(Stored data)
----------------

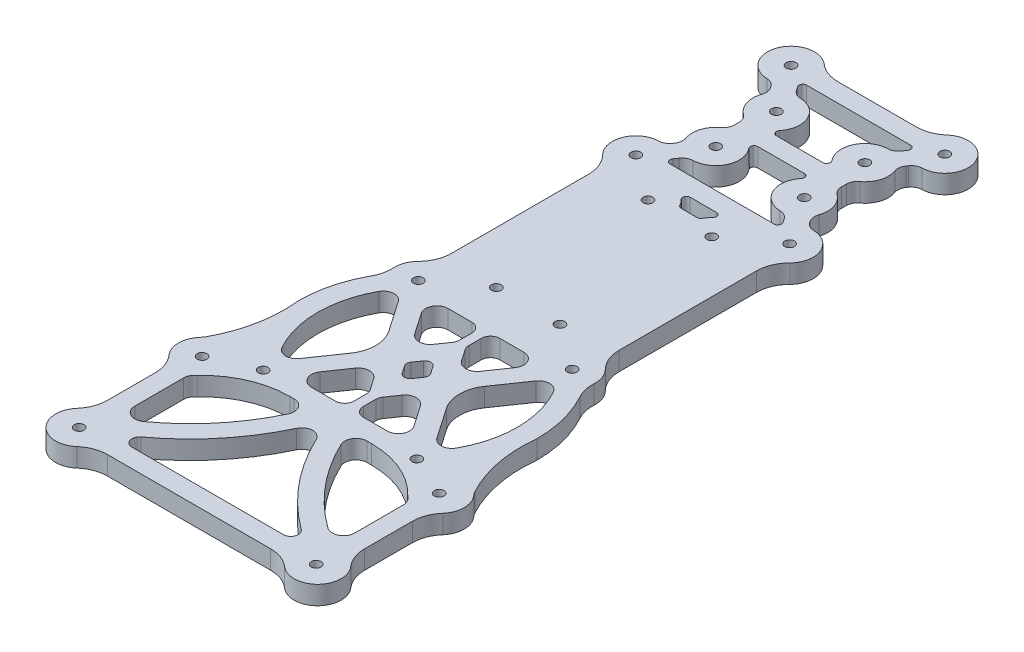
from build123d import *

# Parameters (mm, degrees)
SKETCH1_R           = 1.651
BOSS_EXTRUDE1_DEPTH = 6.35


with BuildPart() as part:
    # Sketch1 → Boss-Extrude1 (new body)
    with BuildSketch(Plane(origin=(0, 0, 0), x_dir=(1, 0, 0), z_dir=(0, 1, 0))):
        with BuildLine():
            Line((-28.575, -23.384226267), (-28.575, 23.384226267))
            ThreePointArc((-28.575, 23.384226267), (-29.434698415, 27.733205965), (-31.884470588, 31.427975522))
            ThreePointArc((-31.884470588, 31.427975522), (-33.628839941, 40.030101959), (-26.433167956, 45.056204662))
            ThreePointArc((-26.433167956, 45.056204662), (-24.723775263, 45.517600234), (-23.407512822, 46.701814083))
            Line((-23.407512822, 46.701814083), (-23.107920302, 47.136308835))
            ThreePointArc((-23.107920302, 47.136308835), (-22.469049266, 48.787597136), (-22.645540765, 50.549346268))
            ThreePointArc((-22.645540765, 50.549346268), (-22.726910762, 55.553330592), (-19.819374194, 59.626745781))
            ThreePointArc((-19.819374194, 59.626745781), (-18.674005414, 60.976945622), (-18.2626, 62.699053296))
            Line((-18.2626, 62.699053296), (-18.2626, 64.300946704))
            ThreePointArc((-18.2626, 64.300946704), (-18.674005414, 66.023054378), (-19.819374194, 67.373254219))
            ThreePointArc((-19.819374194, 67.373254219), (-22.726910762, 71.446669408), (-22.645540765, 76.450653732))
            ThreePointArc((-22.645540765, 76.450653732), (-22.469049266, 78.212402864), (-23.107920302, 79.863691165))
            Line((-23.107920302, 79.863691165), (-23.407512822, 80.298185917))
            ThreePointArc((-23.407512822, 80.298185917), (-24.723775263, 81.482399766), (-26.433167956, 81.943795338))
            ThreePointArc((-26.433167956, 81.943795338), (-33.64597852, 92.869692006), (-20.922796943, 95.955223529))
            ThreePointArc((-20.922796943, 95.955223529), (-17.411679921, 93.849623685), (-13.383792575, 93.1164))
            Line((-13.383792575, 93.1164), (13.383792575, 93.1164))
            ThreePointArc((13.383792575, 93.1164), (17.411679921, 93.849623685), (20.922796943, 95.955223529))
            ThreePointArc((20.922796943, 95.955223529), (33.64597852, 92.869692006), (26.433167956, 81.943795338))
            ThreePointArc((26.433167956, 81.943795338), (24.723775263, 81.482399766), (23.407512822, 80.298185917))
            Line((23.407512822, 80.298185917), (23.107920302, 79.863691165))
            ThreePointArc((23.107920302, 79.863691165), (22.469049266, 78.212402864), (22.645540765, 76.450653732))
            ThreePointArc((22.645540765, 76.450653732), (22.726910762, 71.446669408), (19.819374194, 67.373254219))
            ThreePointArc((19.819374194, 67.373254219), (18.674005414, 66.023054378), (18.2626, 64.300946704))
            Line((18.2626, 64.300946704), (18.2626, 62.699053296))
            ThreePointArc((18.2626, 62.699053296), (18.674005414, 60.976945622), (19.819374194, 59.626745781))
            ThreePointArc((19.819374194, 59.626745781), (22.726910762, 55.553330592), (22.645540765, 50.549346268))
            ThreePointArc((22.645540765, 50.549346268), (22.469049266, 48.787597136), (23.107920302, 47.136308835))
            Line((23.107920302, 47.136308835), (23.407512822, 46.701814083))
            ThreePointArc((23.407512822, 46.701814083), (24.723775263, 45.517600234), (26.433167956, 45.056204662))
            ThreePointArc((26.433167956, 45.056204662), (33.628839941, 40.030101959), (31.884470588, 31.427975522))
            ThreePointArc((31.884470588, 31.427975522), (29.434698415, 27.733205965), (28.575, 23.384226267))
            Line((28.575, 23.384226267), (28.575, -23.384226267))
            ThreePointArc((28.575, -23.384226267), (29.434698415, -27.733205965), (31.884470588, -31.427975522))
            ThreePointArc((31.884470588, -31.427975522), (33.685481845, -34.232815218), (34.187312674, -37.528104748))
            ThreePointArc((34.187312674, -37.528104748), (34.450175778, -40.724586196), (35.590755192, -43.722196789))
            ThreePointArc((35.590755192, -43.722196789), (39.392211703, -53.288123128), (40.686657183, -63.5))
            ThreePointArc((40.686657183, -63.5), (41.185239403, -77.002793747), (45.731452758, -89.727021321))
            ThreePointArc((45.731452758, -89.727021321), (46.125106431, -90.361769617), (46.590568738, -90.945904407))
            ThreePointArc((46.590568738, -90.945904407), (48.638147494, -96.245808425), (46.65110092, -101.568703057))
            ThreePointArc((46.65110092, -101.568703057), (44.545501075, -105.079820079), (43.81227739, -109.107707425))
            Line((43.81227739, -109.107707425), (43.81227739, -125.385092575))
            ThreePointArc((43.81227739, -125.385092575), (44.545501075, -129.412979921), (46.65110092, -132.924096943))
            ThreePointArc((46.65110092, -132.924096943), (46.294838747, -143.858961356), (35.359974333, -144.215223529))
            ThreePointArc((35.359974333, -144.215223529), (31.848857312, -142.109623685), (27.820969966, -141.3764))
            Line((27.820969966, -141.3764), (-27.820969966, -141.3764))
            ThreePointArc((-27.820969966, -141.3764), (-31.848857312, -142.109623685), (-35.359974333, -144.215223529))
            ThreePointArc((-35.359974333, -144.215223529), (-46.294838747, -143.858961356), (-46.65110092, -132.924096943))
            ThreePointArc((-46.65110092, -132.924096943), (-44.545501075, -129.412979921), (-43.81227739, -125.385092575))
            Line((-43.81227739, -125.385092575), (-43.81227739, -109.107707425))
            ThreePointArc((-43.81227739, -109.107707425), (-44.545501075, -105.079820079), (-46.65110092, -101.568703057))
            ThreePointArc((-46.65110092, -101.568703057), (-48.638147494, -96.245808425), (-46.590568738, -90.945904407))
            ThreePointArc((-46.590568738, -90.945904407), (-46.125106431, -90.361769617), (-45.731452758, -89.727021321))
            ThreePointArc((-45.731452758, -89.727021321), (-41.185239403, -77.002793747), (-40.686657183, -63.5))
            ThreePointArc((-40.686657183, -63.5), (-39.392211703, -53.288123128), (-35.590755192, -43.722196789))
            ThreePointArc((-35.590755192, -43.722196789), (-34.450175778, -40.724586196), (-34.187312674, -37.528104748))
            ThreePointArc((-34.187312674, -37.528104748), (-33.685481845, -34.232815218), (-31.884470588, -31.427975522))
            ThreePointArc((-31.884470588, -31.427975522), (-29.434698415, -27.733205965), (-28.575, -23.384226267))
        make_face()
        with Locations(Location((-10.8458, 25.8445, 0), (0, 0, 270))):
            Circle(SKETCH1_R, mode=Mode.SUBTRACT)
        with Locations(Location((10.8458, 25.8445, 0), (0, 0, 270))):
            Circle(SKETCH1_R, mode=Mode.SUBTRACT)
        with Locations(Location((-10.8458, -25.8445, 0), (0, 0, 270))):
            Circle(SKETCH1_R, mode=Mode.SUBTRACT)
        with Locations(Location((10.8458, -25.8445, 0), (0, 0, 270))):
            Circle(SKETCH1_R, mode=Mode.SUBTRACT)
        with Locations(Location((-15.0876, 73.8251, 0), (0, 0, 270))):
            Circle(SKETCH1_R, mode=Mode.SUBTRACT)
        with Locations(Location((15.0876, 73.8251, 0), (0, 0, 270))):
            Circle(SKETCH1_R, mode=Mode.SUBTRACT)
        with Locations(Location((-15.0876, 53.1749, 0), (0, 0, 270))):
            Circle(SKETCH1_R, mode=Mode.SUBTRACT)
        with Locations(Location((15.0876, 53.1749, 0), (0, 0, 270))):
            Circle(SKETCH1_R, mode=Mode.SUBTRACT)
        with Locations(Location((-26.2001, 89.9414, 0), (0, 0, 270))):
            Circle(SKETCH1_R, mode=Mode.SUBTRACT)
        with Locations(Location((26.2001, 89.9414, 0), (0, 0, 270))):
            Circle(SKETCH1_R, mode=Mode.SUBTRACT)
        with Locations(Location((26.2001, 37.0586, 0), (0, 0, 270))):
            Circle(SKETCH1_R, mode=Mode.SUBTRACT)
        with Locations(Location((-26.2001, 37.0586, 0), (0, 0, 270))):
            Circle(SKETCH1_R, mode=Mode.SUBTRACT)
        with Locations(Location((26.2001, -89.9414, 0), (0, 0, 270))):
            Circle(SKETCH1_R, mode=Mode.SUBTRACT)
        with Locations(Location((-26.2001, -89.9414, 0), (0, 0, 270))):
            Circle(SKETCH1_R, mode=Mode.SUBTRACT)
        with Locations(Location((-26.2001, -37.0586, 0), (0, 0, 270))):
            Circle(SKETCH1_R, mode=Mode.SUBTRACT)
        with Locations(Location((26.2001, -37.0586, 0), (0, 0, 270))):
            Circle(SKETCH1_R, mode=Mode.SUBTRACT)
        with Locations(Location((-40.63727739, -96.2914, 0), (0, 0, 270))):
            Circle(SKETCH1_R, mode=Mode.SUBTRACT)
        with Locations(Location((40.13472261, -96.2914, 0), (0, 0, 270))):
            Circle(SKETCH1_R, mode=Mode.SUBTRACT)
        with Locations(Location((40.13472261, -138.2014, 0), (0, 0, 270))):
            Circle(SKETCH1_R, mode=Mode.SUBTRACT)
        with Locations(Location((-40.63727739, -138.2014, 0), (0, 0, 270))):
            Circle(SKETCH1_R, mode=Mode.SUBTRACT)
        with BuildLine():
            Line((-16.298662089, -57.011678747), (-23.440673263, -46.65372197))
            ThreePointArc((-23.440673263, -46.65372197), (-26.666194975, -45.060744799), (-29.717784377, -46.965835008))
            ThreePointArc((-29.717784377, -46.965835008), (-33.977486488, -63.5), (-29.717784377, -80.034164992))
            ThreePointArc((-29.717784377, -80.034164992), (-26.666194975, -81.939255201), (-23.440673263, -80.34627803))
            Line((-23.440673263, -80.34627803), (-16.298662089, -69.988321253))
            ThreePointArc((-16.298662089, -69.988321253), (-14.278581712, -63.5), (-16.298662089, -57.011678747))
        make_face(mode=Mode.SUBTRACT)
        with BuildLine():
            Line((-18.781500154, 84.775475416), (-17.880187178, 83.468314083))
            ThreePointArc((-17.880187178, 83.468314083), (-16.563924737, 82.284100234), (-14.854532044, 81.822704662))
            ThreePointArc((-14.854532044, 81.822704662), (-7.806033659, 77.140939655), (-8.901780222, 68.750493151))
            ThreePointArc((-8.901780222, 68.750493151), (-9.067918941, 67.401896097), (-7.919904067, 66.675))
            Line((-7.919904067, 66.675), (7.919904067, 66.675))
            ThreePointArc((7.919904067, 66.675), (9.067918941, 67.401896097), (8.901780222, 68.750493151))
            ThreePointArc((8.901780222, 68.750493151), (7.806033659, 77.140939655), (14.854532044, 81.822704662))
            ThreePointArc((14.854532044, 81.822704662), (16.563924737, 82.284100234), (17.880187178, 83.468314083))
            Line((17.880187178, 83.468314083), (18.781500154, 84.775475416))
            ThreePointArc((18.781500154, 84.775475416), (18.86033652, 86.086876832), (17.735953529, 86.7664))
            Line((17.735953529, 86.7664), (-17.735953529, 86.7664))
            ThreePointArc((-17.735953529, 86.7664), (-18.86033652, 86.086876832), (-18.781500154, 84.775475416))
        make_face(mode=Mode.SUBTRACT)
        with BuildLine():
            Line((-7.919904067, 60.325), (7.919904067, 60.325))
            ThreePointArc((7.919904067, 60.325), (9.067918941, 59.598103903), (8.901780222, 58.249506849))
            ThreePointArc((8.901780222, 58.249506849), (7.806033659, 49.859060345), (14.854532044, 45.177295338))
            ThreePointArc((14.854532044, 45.177295338), (16.563924737, 44.715899766), (17.880187178, 43.531685917))
            Line((17.880187178, 43.531685917), (18.781500154, 42.224524584))
            ThreePointArc((18.781500154, 42.224524584), (18.86033652, 40.913123168), (17.735953529, 40.2336))
            Line((17.735953529, 40.2336), (-17.735953529, 40.2336))
            ThreePointArc((-17.735953529, 40.2336), (-18.86033652, 40.913123168), (-18.781500154, 42.224524584))
            Line((-18.781500154, 42.224524584), (-17.880187178, 43.531685917))
            ThreePointArc((-17.880187178, 43.531685917), (-16.563924737, 44.715899766), (-14.854532044, 45.177295338))
            ThreePointArc((-14.854532044, 45.177295338), (-7.806033659, 49.859060345), (-8.901780222, 58.249506849))
            ThreePointArc((-8.901780222, 58.249506849), (-9.067918941, 59.598103903), (-7.919904067, 60.325))
        make_face(mode=Mode.SUBTRACT)
        with BuildLine():
            Line((-4.470450598, 33.8455), (4.470450598, 33.8455))
            ThreePointArc((4.470450598, 33.8455), (5.650261936, 33.045548088), (5.343786132, 31.653445205))
            ThreePointArc((5.343786132, 31.653445205), (4.506861117, 30.726492916), (3.824377828, 29.68059589))
            ThreePointArc((3.824377828, 29.68059589), (3.357782949, 29.197206949), (2.709866372, 29.0195))
            Line((2.709866372, 29.0195), (-2.709866372, 29.0195))
            ThreePointArc((-2.709866372, 29.0195), (-3.357782949, 29.197206949), (-3.824377828, 29.68059589))
            ThreePointArc((-3.824377828, 29.68059589), (-4.506861117, 30.726492916), (-5.343786132, 31.653445205))
            ThreePointArc((-5.343786132, 31.653445205), (-5.650261936, 33.045548088), (-4.470450598, 33.8455))
        make_face(mode=Mode.SUBTRACT)
        with BuildLine():
            Line((-11.104884082, -53.357811206), (-16.035938277, -46.206373751))
            ThreePointArc((-16.035938277, -46.206373751), (-16.272447376, -42.272169503), (-12.899298403, -40.2336))
            Line((-12.899298403, -40.2336), (-4.768681329, -40.2336))
            ThreePointArc((-4.768681329, -40.2336), (-2.519246439, -41.165346439), (-1.5875, -43.414781329))
            Line((-1.5875, -43.414781329), (-1.5875, -47.662500884))
            ThreePointArc((-1.5875, -47.662500884), (-1.731306906, -48.608160051), (-2.149725895, -49.468321219))
            Line((-2.149725895, -49.468321219), (-4.831604334, -53.357811206))
            ThreePointArc((-4.831604334, -53.357811206), (-7.968244208, -55.005037455), (-11.104884082, -53.357811206))
        make_face(mode=Mode.SUBTRACT)
        with BuildLine():
            Line((-3.346467102, -62.390267481), (-1.609429218, -59.871066254))
            ThreePointArc((-1.609429218, -59.871066254), (0, -59.025864331), (1.609429218, -59.871066254))
            Line((1.609429218, -59.871066254), (3.346467102, -62.390267481))
            ThreePointArc((3.346467102, -62.390267481), (3.691972325, -63.5), (3.346467102, -64.609732519))
            Line((3.346467102, -64.609732519), (1.609429218, -67.128933746))
            ThreePointArc((1.609429218, -67.128933746), (0, -67.974135669), (-1.609429218, -67.128933746))
            Line((-1.609429218, -67.128933746), (-3.346467102, -64.609732519))
            ThreePointArc((-3.346467102, -64.609732519), (-3.691972325, -63.5), (-3.346467102, -62.390267481))
        make_face(mode=Mode.SUBTRACT)
        with BuildLine():
            Line((1.5875, -43.414781329), (1.5875, -47.662500884))
            ThreePointArc((1.5875, -47.662500884), (1.731306906, -48.608160051), (2.149725895, -49.468321219))
            Line((2.149725895, -49.468321219), (4.831604334, -53.357811206))
            ThreePointArc((4.831604334, -53.357811206), (7.968244208, -55.005037455), (11.104884082, -53.357811206))
            Line((11.104884082, -53.357811206), (16.035938277, -46.206373751))
            ThreePointArc((16.035938277, -46.206373751), (16.272447376, -42.272169503), (12.899298403, -40.2336))
            Line((12.899298403, -40.2336), (4.768681329, -40.2336))
            ThreePointArc((4.768681329, -40.2336), (2.519246439, -41.165346439), (1.5875, -43.414781329))
        make_face(mode=Mode.SUBTRACT)
        with BuildLine():
            Line((-1.5875, -83.585218671), (-1.5875, -79.337499116))
            ThreePointArc((-1.5875, -79.337499116), (-1.731306906, -78.391839949), (-2.149725895, -77.531678781))
            Line((-2.149725895, -77.531678781), (-4.831604334, -73.642188794))
            ThreePointArc((-4.831604334, -73.642188794), (-7.968244208, -71.994962545), (-11.104884082, -73.642188794))
            Line((-11.104884082, -73.642188794), (-16.035938277, -80.793626249))
            ThreePointArc((-16.035938277, -80.793626249), (-16.272447376, -84.727830497), (-12.899298403, -86.7664))
            Line((-12.899298403, -86.7664), (-4.768681329, -86.7664))
            ThreePointArc((-4.768681329, -86.7664), (-2.519246439, -85.834653561), (-1.5875, -83.585218671))
        make_face(mode=Mode.SUBTRACT)
        with BuildLine():
            Line((-13.906181716, -93.148579741), (-12.452375003, -93.148579741))
            ThreePointArc((-12.452375003, -93.148579741), (-9.233457759, -94.920278542), (-9.008216013, -98.587649675))
            ThreePointArc((-9.008216013, -98.587649675), (-18.50818656, -113.465878493), (-31.428640047, -125.493888091))
            ThreePointArc((-31.428640047, -125.493888091), (-35.39067345, -125.790389921), (-37.46227739, -122.400098026))
            Line((-37.46227739, -122.400098026), (-37.46227739, -105.815553296))
            ThreePointArc((-37.46227739, -105.815553296), (-37.050871977, -104.093445622), (-35.905503197, -102.743245781))
            ThreePointArc((-35.905503197, -102.743245781), (-25.9064709, -95.651601867), (-13.906181716, -93.148579741))
        make_face(mode=Mode.SUBTRACT)
        with BuildLine():
            Line((16.035938277, -80.793626249), (11.104884082, -73.642188794))
            ThreePointArc((11.104884082, -73.642188794), (7.968244208, -71.994962545), (4.831604334, -73.642188794))
            Line((4.831604334, -73.642188794), (2.149725895, -77.531678781))
            ThreePointArc((2.149725895, -77.531678781), (1.731306906, -78.391839949), (1.5875, -79.337499116))
            Line((1.5875, -79.337499116), (1.5875, -83.585218671))
            ThreePointArc((1.5875, -83.585218671), (2.519246439, -85.834653561), (4.768681329, -86.7664))
            Line((4.768681329, -86.7664), (12.899298403, -86.7664))
            ThreePointArc((12.899298403, -86.7664), (16.272447376, -84.727830497), (16.035938277, -80.793626249))
        make_face(mode=Mode.SUBTRACT)
        with BuildLine():
            Line((23.440673263, -80.34627803), (16.298662089, -69.988321253))
            ThreePointArc((16.298662089, -69.988321253), (14.278581712, -63.5), (16.298662089, -57.011678747))
            Line((16.298662089, -57.011678747), (23.440673263, -46.65372197))
            ThreePointArc((23.440673263, -46.65372197), (26.666194975, -45.060744799), (29.717784377, -46.965835008))
            ThreePointArc((29.717784377, -46.965835008), (33.977486488, -63.5), (29.717784377, -80.034164992))
            ThreePointArc((29.717784377, -80.034164992), (26.666194975, -81.939255201), (23.440673263, -80.34627803))
        make_face(mode=Mode.SUBTRACT)
        with BuildLine():
            Line((-25.779558234, -135.0264), (25.779558234, -135.0264))
            ThreePointArc((25.779558234, -135.0264), (28.193802462, -133.275719205), (27.280038024, -130.436970714))
            ThreePointArc((27.280038024, -130.436970714), (13.480498783, -117.410382633), (3.320502988, -101.382476789))
            ThreePointArc((3.320502988, -101.382476789), (0, -99.276454663), (-3.320502988, -101.382476789))
            ThreePointArc((-3.320502988, -101.382476789), (-13.480498783, -117.410382633), (-27.280038024, -130.436970714))
            ThreePointArc((-27.280038024, -130.436970714), (-28.193802462, -133.275719205), (-25.779558234, -135.0264))
        make_face(mode=Mode.SUBTRACT)
        with BuildLine():
            Line((37.46227739, -122.400098026), (37.46227739, -105.815553296))
            ThreePointArc((37.46227739, -105.815553296), (37.050871977, -104.093445622), (35.905503197, -102.743245781))
            ThreePointArc((35.905503197, -102.743245781), (25.9064709, -95.651601867), (13.906181716, -93.148579741))
            Line((13.906181716, -93.148579741), (12.452375003, -93.148579741))
            ThreePointArc((12.452375003, -93.148579741), (9.233457759, -94.920278542), (9.008216013, -98.587649675))
            ThreePointArc((9.008216013, -98.587649675), (18.50818656, -113.465878493), (31.428640047, -125.493888091))
            ThreePointArc((31.428640047, -125.493888091), (35.39067345, -125.790389921), (37.46227739, -122.400098026))
        make_face(mode=Mode.SUBTRACT)
    extrude(amount=-BOSS_EXTRUDE1_DEPTH)


solid = part.part

----------------

Lines containing the word "part" must be found in the data above and copied.

§ **RESULT FOR THIS TASK**
with BuildPart() as part:
solid = part.part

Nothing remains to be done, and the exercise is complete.